As an example of how this works - for the Collatz sequence for 27, after about 18 steps we are in region where the average number of steps to a power of 2 is 18 - thereafter it takes until about the 40th step to reach a power of 2.

Also, each time we skip a power of 2, we have to reduce the maximum number of steps available by 1 – for instance as we extend the sequence above, we will never be able to reach a number that adds 8, as each time we will have to start by adding 1+2+4+16. So while we are in the region 2^8-2^9, the maximum number of steps available is reduced to 8-1 = 7.

Now, while it is impossible to have an infinite sequence of steps that don’t skip a power (again, this can be proven but I’m skimming), quite long sequences of this sort are possible (for instance starting from 255 there are 7 upwards steps before we skip a power).

So the challenge facing this approach is to try to prove that the sequence A, B, C, D, starting from any number can’t be infinitely extended without hitting a number where the number of steps we need to reach 2^n is equal to the minimum number of steps we need.

(Below is very rough, as it's a bit fiddly to explain...)

I’ve noticed something else which takes us a tiny bit closer to this.

When we reach a number like 201 in the sequence above, after which we are going to skip a power, the number of subsequent upwards steps without skipping a power is partly defined by how many powers we skip this time. This sounds woolly, so let me give a couple of examples.

201+1+2+4+16+32 = 256

We know at this stage that we will skip 8 (because the next number will be 201 + 208 + 208 – this means we are adding 0 mod 16, and will land on another number that is 9 mod 16, meaning that adding 1, 2, 4 will take us to a multiple of 16).

Also, we don’t skip the subsequent power, 32. This means we won’t have an upward step without skipping next time, which is correct – 617 + 1+2 +4+16+128+256 = 1024 – we are now going to skip 32 and 64.

Let’s look at a different sequence:

55
165+1
497+1+2
1497+1+2+4
4505+1+2+4+32

The turning point (where you skip a power) comes after 1497

The continued equation here would be 1497+1+2+4+32+512.
1497 = 8n+1 and 16n+1 and we are going to add 0 mod 8, 8 mod 16 to get to the next number, 4505. So we have to skip 8. We actually skip 16 too (I’ll explain the logic of this later ) so the next number we add will be 32. Thereafter, 1497 is 64n-39, 128n-39, 256n-39, 512n-39, so we will subsequently have upwards steps of 64, 128, 256, before skipping a power.

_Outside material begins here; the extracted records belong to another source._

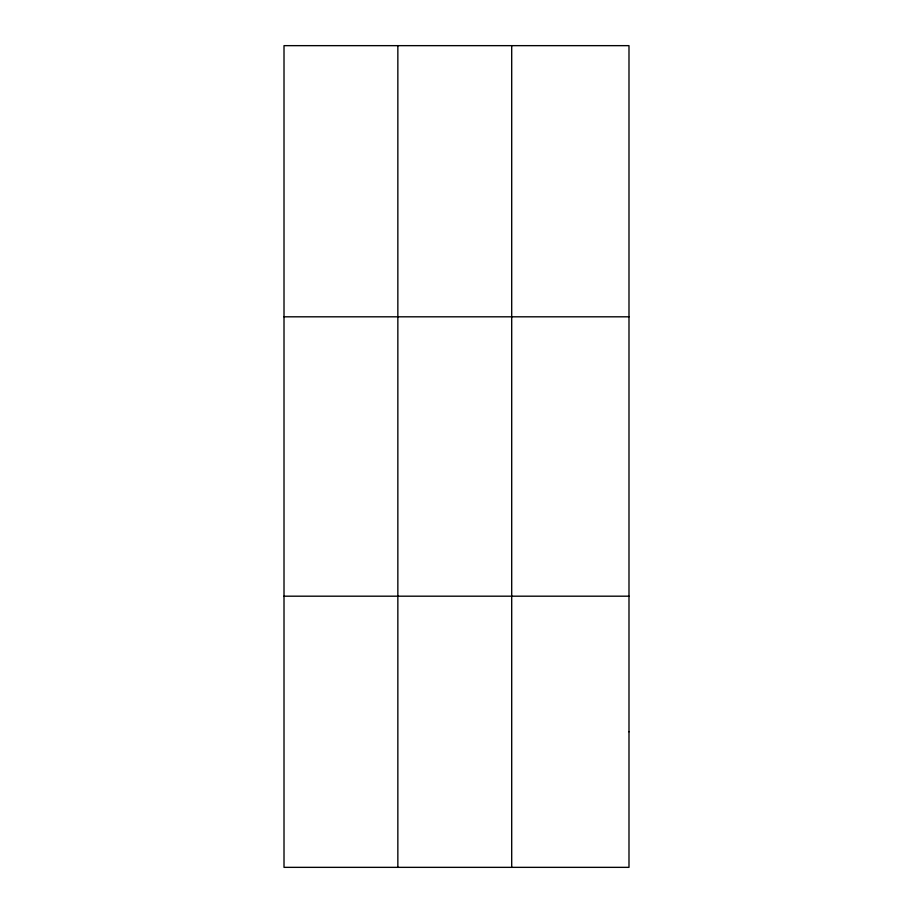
<?xml version="1.0" encoding="UTF-8"?>
<svg xmlns="http://www.w3.org/2000/svg" width="913" height="913" viewBox="0 0 913 913"><rect width="100%" height="100%" fill="white"/><g stroke="black" fill="none" stroke-linecap="round" stroke-linejoin="round"><path stroke-width="1.37" d="M397.851 45.65L397.851 867.35M511.702 45.65L511.702 867.35M284.011 316.811L628.989 316.811M284.011 596.189L628.989 596.189M628.989 731.77L628.989 867.35L284.011 867.35L284.011 45.65L628.989 45.65L628.989 731.77"/></g></svg>
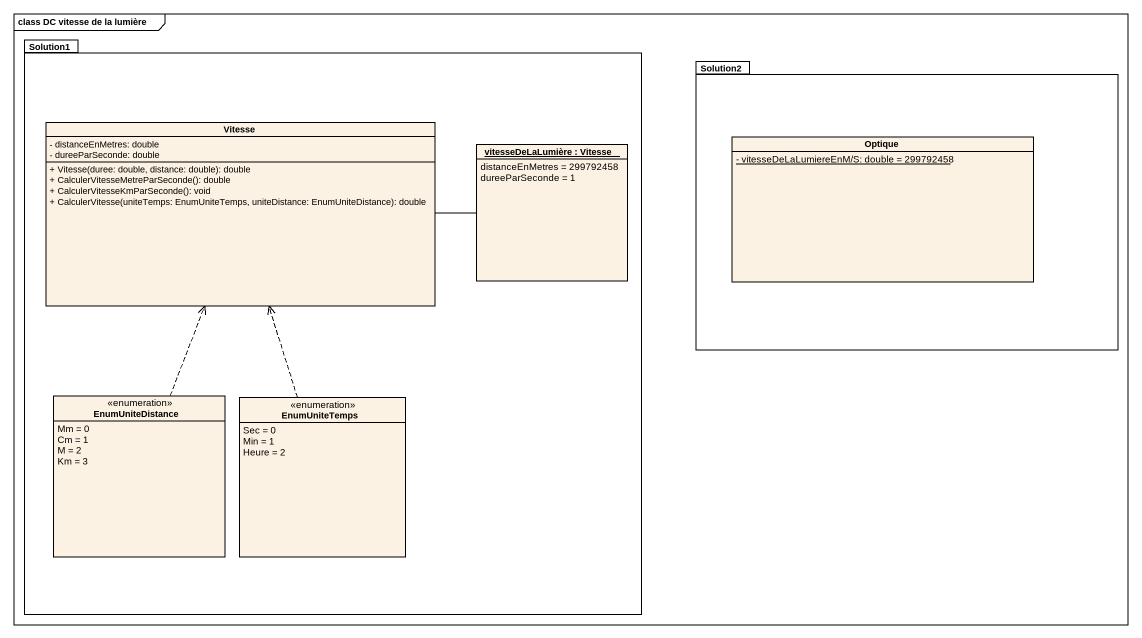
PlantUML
@startuml
mainframe class DC vitesse de la lumière
hide circle
hide empty members
skinparam classAttributeIconSize 0
package Solution1 {
  class Vitesse {
    - distanceEnMetres: double
    - dureeParSeconde: double
    + Vitesse(duree: double, distance: double): double
    + CalculerVitesseMetreParSeconde(): double
    + CalculerVitesseKmParSeconde(): void
    + CalculerVitesse(uniteTemps: EnumUniteTemps, uniteDistance: EnumUniteDistance): double
  }
  object "vitesseDeLaLumière : Vitesse" as vitesseDeLaLumière {
    distanceEnMetres = 299792458
    dureeParSeconde = 1
  }
  enum EnumUniteDistance {
    Mm = 0
    Cm = 1
    M = 2
    Km = 3
  }
  enum EnumUniteTemps {
    Sec = 0
    Min = 1
    Heure = 2
  }
}
package Solution2 {
  class Optique {
    {static} - vitesseDeLaLumiereEnM/S: double = 299792458
  }
}
vitesseDeLaLumière -left- Vitesse
EnumUniteDistance .up.> Vitesse
EnumUniteTemps .up.> Vitesse
@enduml

So to get to an upwards sequence of 3 steps without skipping, we need to hit a number that skips 3 numbers.This means we can't hit a sequence of n steps where n is more than the difference between the maximum number of steps in the region and the minimum number of steps we are obliged to take.

Putting this stuff together we get 1) for all numbers we will eventually reach a region where we are obliged to take about 1.25 x the average number of steps in that region at every stage. 2) In order to get uninterrupted upwards runs of numbers (eg not skipping a power) in the next step, we need to skip that many powers this step. 3) Whenever we hit the latter stages of a region there will be some powers that we are forced to skip. For instance, from 1897, it is impossible for us to add 256 or 512 as part of the path to 2048. This makes it hard to see how we could avoid reaching a power of 2, but falls short of being a proof unless it can be refined some more.